Problem statement: May I have the lines from the one containing "- moved D13" to the end of the entries, returned exactly and with nothing else?

[Data items]

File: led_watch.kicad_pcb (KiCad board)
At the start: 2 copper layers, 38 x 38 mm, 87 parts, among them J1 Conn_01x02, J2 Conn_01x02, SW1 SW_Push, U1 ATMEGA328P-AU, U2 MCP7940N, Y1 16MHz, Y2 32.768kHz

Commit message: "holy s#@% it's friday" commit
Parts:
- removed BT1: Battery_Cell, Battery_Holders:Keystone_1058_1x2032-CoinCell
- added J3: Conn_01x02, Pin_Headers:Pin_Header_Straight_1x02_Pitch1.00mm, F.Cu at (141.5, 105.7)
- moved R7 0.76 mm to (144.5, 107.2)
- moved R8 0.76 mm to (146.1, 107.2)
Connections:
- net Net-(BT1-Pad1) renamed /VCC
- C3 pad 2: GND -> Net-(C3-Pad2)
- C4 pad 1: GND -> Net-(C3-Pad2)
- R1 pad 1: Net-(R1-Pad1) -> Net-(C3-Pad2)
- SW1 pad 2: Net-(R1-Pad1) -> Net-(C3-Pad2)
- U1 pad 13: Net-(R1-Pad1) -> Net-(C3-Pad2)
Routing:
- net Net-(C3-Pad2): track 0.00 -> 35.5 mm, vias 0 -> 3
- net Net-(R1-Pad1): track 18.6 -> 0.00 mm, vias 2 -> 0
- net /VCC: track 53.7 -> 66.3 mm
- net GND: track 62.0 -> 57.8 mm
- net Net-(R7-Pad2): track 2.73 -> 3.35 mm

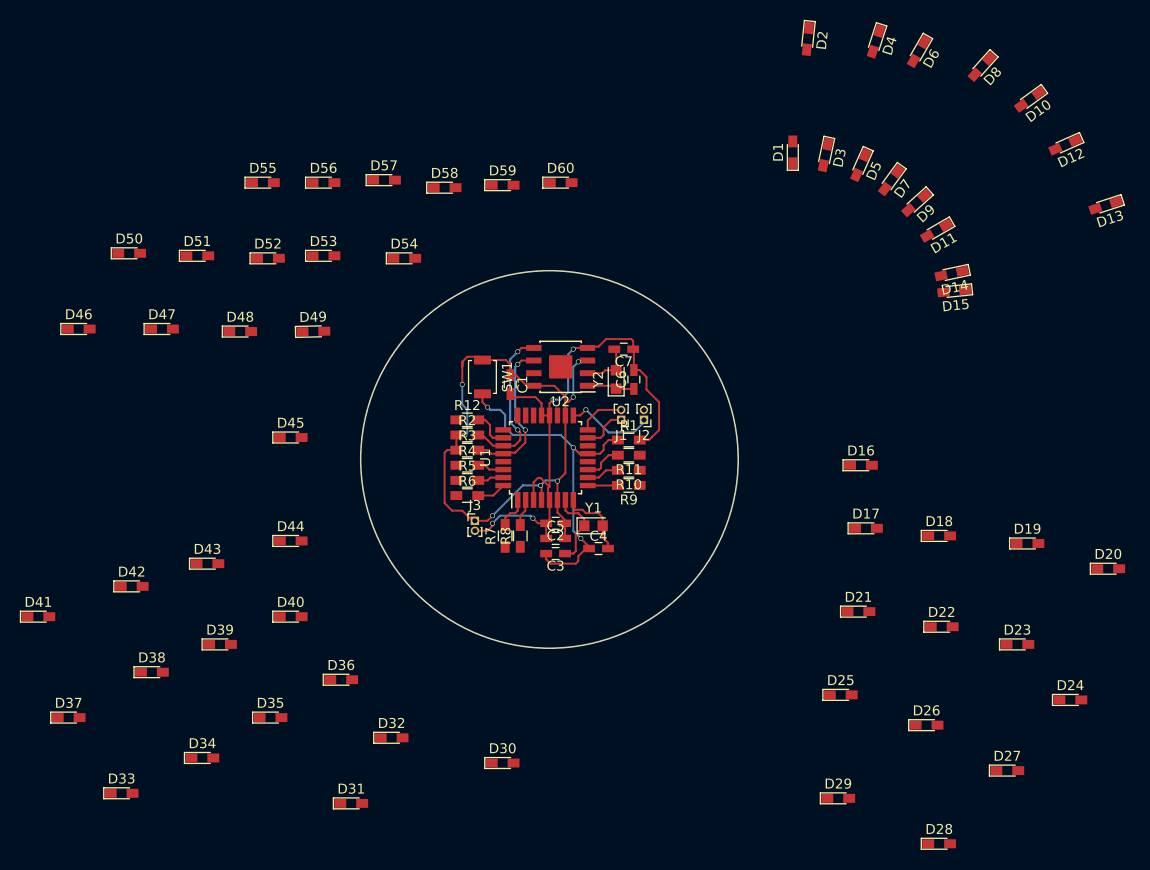
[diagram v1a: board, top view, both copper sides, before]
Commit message: wiring
started wiring up the outside leds. this is difficult.
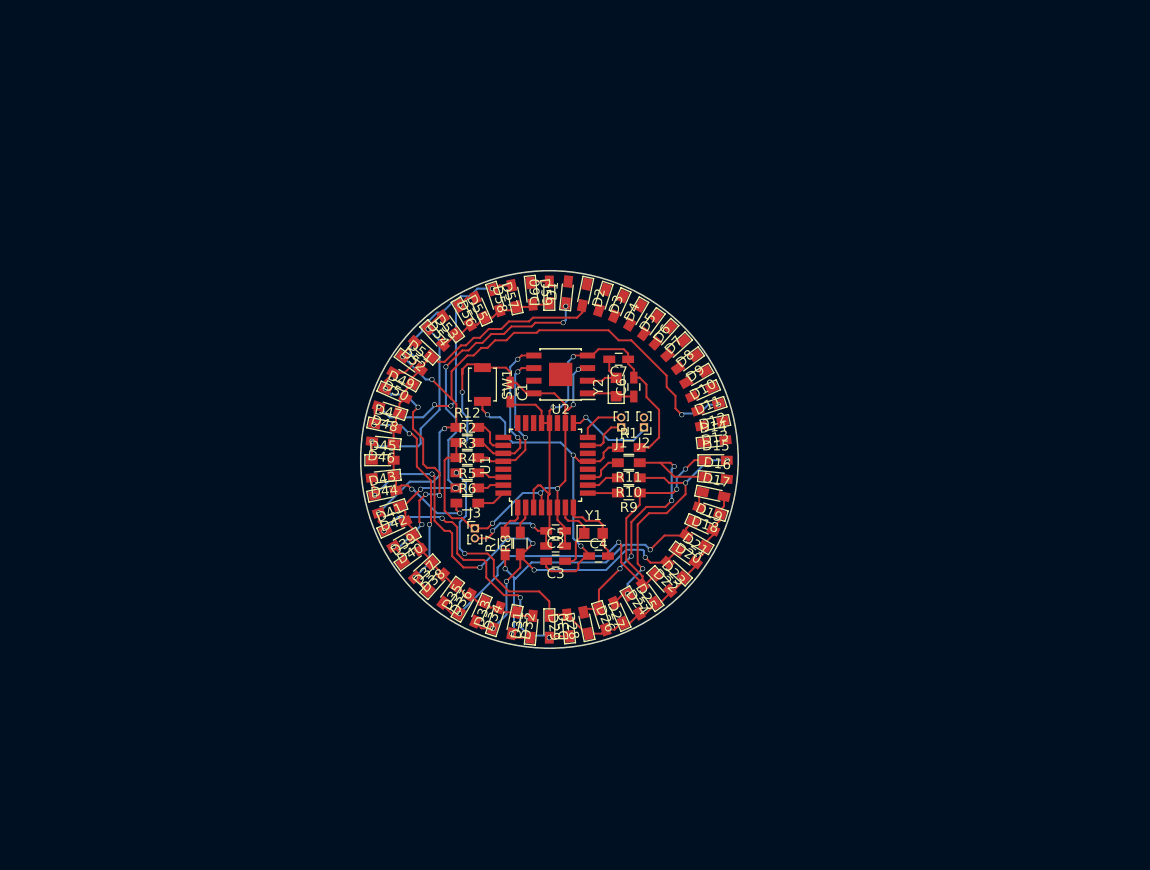
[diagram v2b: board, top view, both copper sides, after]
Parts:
- moved D13 45.3 mm to (165.4, 95.9), turned to 192 degrees
- moved D12 44.6 mm to (165.0, 94.2), turned to 198 degrees
- moved D10 43.7 mm to (163.7, 91.2), turned to 210 degrees
- moved D24 43.7 mm to (159.0, 113.0), turned to 126 degrees
- moved D27 43.5 mm to (154.3, 115.6), turned to 288 degrees
- moved D28 41.9 mm to (152.7, 116.0), turned to 102 degrees
- moved D8 41.9 mm to (161.7, 88.3), turned to 222 degrees
- moved D33 41.6 mm to (143.6, 115.4), turned to 72 degrees
- moved D20 41.6 mm to (163.7, 107.7), turned to 150 degrees
- moved D37 39.4 mm to (137.5, 111.9), turned to 48 degrees
- moved D6 38.6 mm to (159.1, 86.0), turned to 234 degrees
- moved D4 37.2 mm to (156.0, 84.1), turned to 246 degrees
- moved D41 37.1 mm to (133.5, 106.2), turned to 24 degrees
- moved D23 36.2 mm to (160.4, 111.9), turned to 312 degrees
- moved D2 34.2 mm to (152.5, 82.9), turned to 258 degrees
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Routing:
- net Net-(D12-Pad1): track 0.00 -> 95.1 mm, vias 0 -> 10
- net Net-(D12-Pad2): track 0.00 -> 74.5 mm, vias 0 -> 12
- net Net-(D11-Pad1): track 0.00 -> 72.0 mm, vias 0 -> 12
- net Net-(D11-Pad2): track 0.00 -> 70.5 mm, vias 0 -> 6
- net Net-(D10-Pad1): track 0.00 -> 59.4 mm, vias 0 -> 8
- net Net-(D1-Pad1): track 0.00 -> 54.9 mm, vias 0 -> 6
- net Net-(D1-Pad2): track 0.00 -> 49.3 mm, vias 0 -> 2
- net Net-(D10-Pad2): track 0.00 -> 44.2 mm, vias 0 -> 3
- net Net-(D13-Pad2): track 0.00 -> 44.0 mm, vias 0 -> 2
- net GND: track 57.8 -> 57.0 mm

Answer below:
- moved D13 45.3 mm to (165.4, 95.9), turned to 192 degrees
- moved D12 44.6 mm to (165.0, 94.2), turned to 198 degrees
- moved D10 43.7 mm to (163.7, 91.2), turned to 210 degrees
- moved D24 43.7 mm to (159.0, 113.0), turned to 126 degrees
- moved D27 43.5 mm to (154.3, 115.6), turned to 288 degrees
- moved D28 41.9 mm to (152.7, 116.0), turned to 102 degrees
- moved D8 41.9 mm to (161.7, 88.3), turned to 222 degrees
- moved D33 41.6 mm to (143.6, 115.4), turned to 72 degrees
- moved D20 41.6 mm to (163.7, 107.7), turned to 150 degrees
- moved D37 39.4 mm to (137.5, 111.9), turned to 48 degrees
- moved D6 38.6 mm to (159.1, 86.0), turned to 234 degrees
- moved D4 37.2 mm to (156.0, 84.1), turned to 246 degrees
- moved D41 37.1 mm to (133.5, 106.2), turned to 24 degrees
- moved D23 36.2 mm to (160.4, 111.9), turned to 312 degrees
- moved D2 34.2 mm to (152.5, 82.9), turned to 258 degrees
Routing:
- net Net-(D12-Pad1): track 0.00 -> 95.1 mm, vias 0 -> 10
- net Net-(D12-Pad2): track 0.00 -> 74.5 mm, vias 0 -> 12
- net Net-(D11-Pad1): track 0.00 -> 72.0 mm, vias 0 -> 12
- net Net-(D11-Pad2): track 0.00 -> 70.5 mm, vias 0 -> 6
- net Net-(D10-Pad1): track 0.00 -> 59.4 mm, vias 0 -> 8
- net Net-(D1-Pad1): track 0.00 -> 54.9 mm, vias 0 -> 6
- net Net-(D1-Pad2): track 0.00 -> 49.3 mm, vias 0 -> 2
- net Net-(D10-Pad2): track 0.00 -> 44.2 mm, vias 0 -> 3
- net Net-(D13-Pad2): track 0.00 -> 44.0 mm, vias 0 -> 2
- net GND: track 57.8 -> 57.0 mm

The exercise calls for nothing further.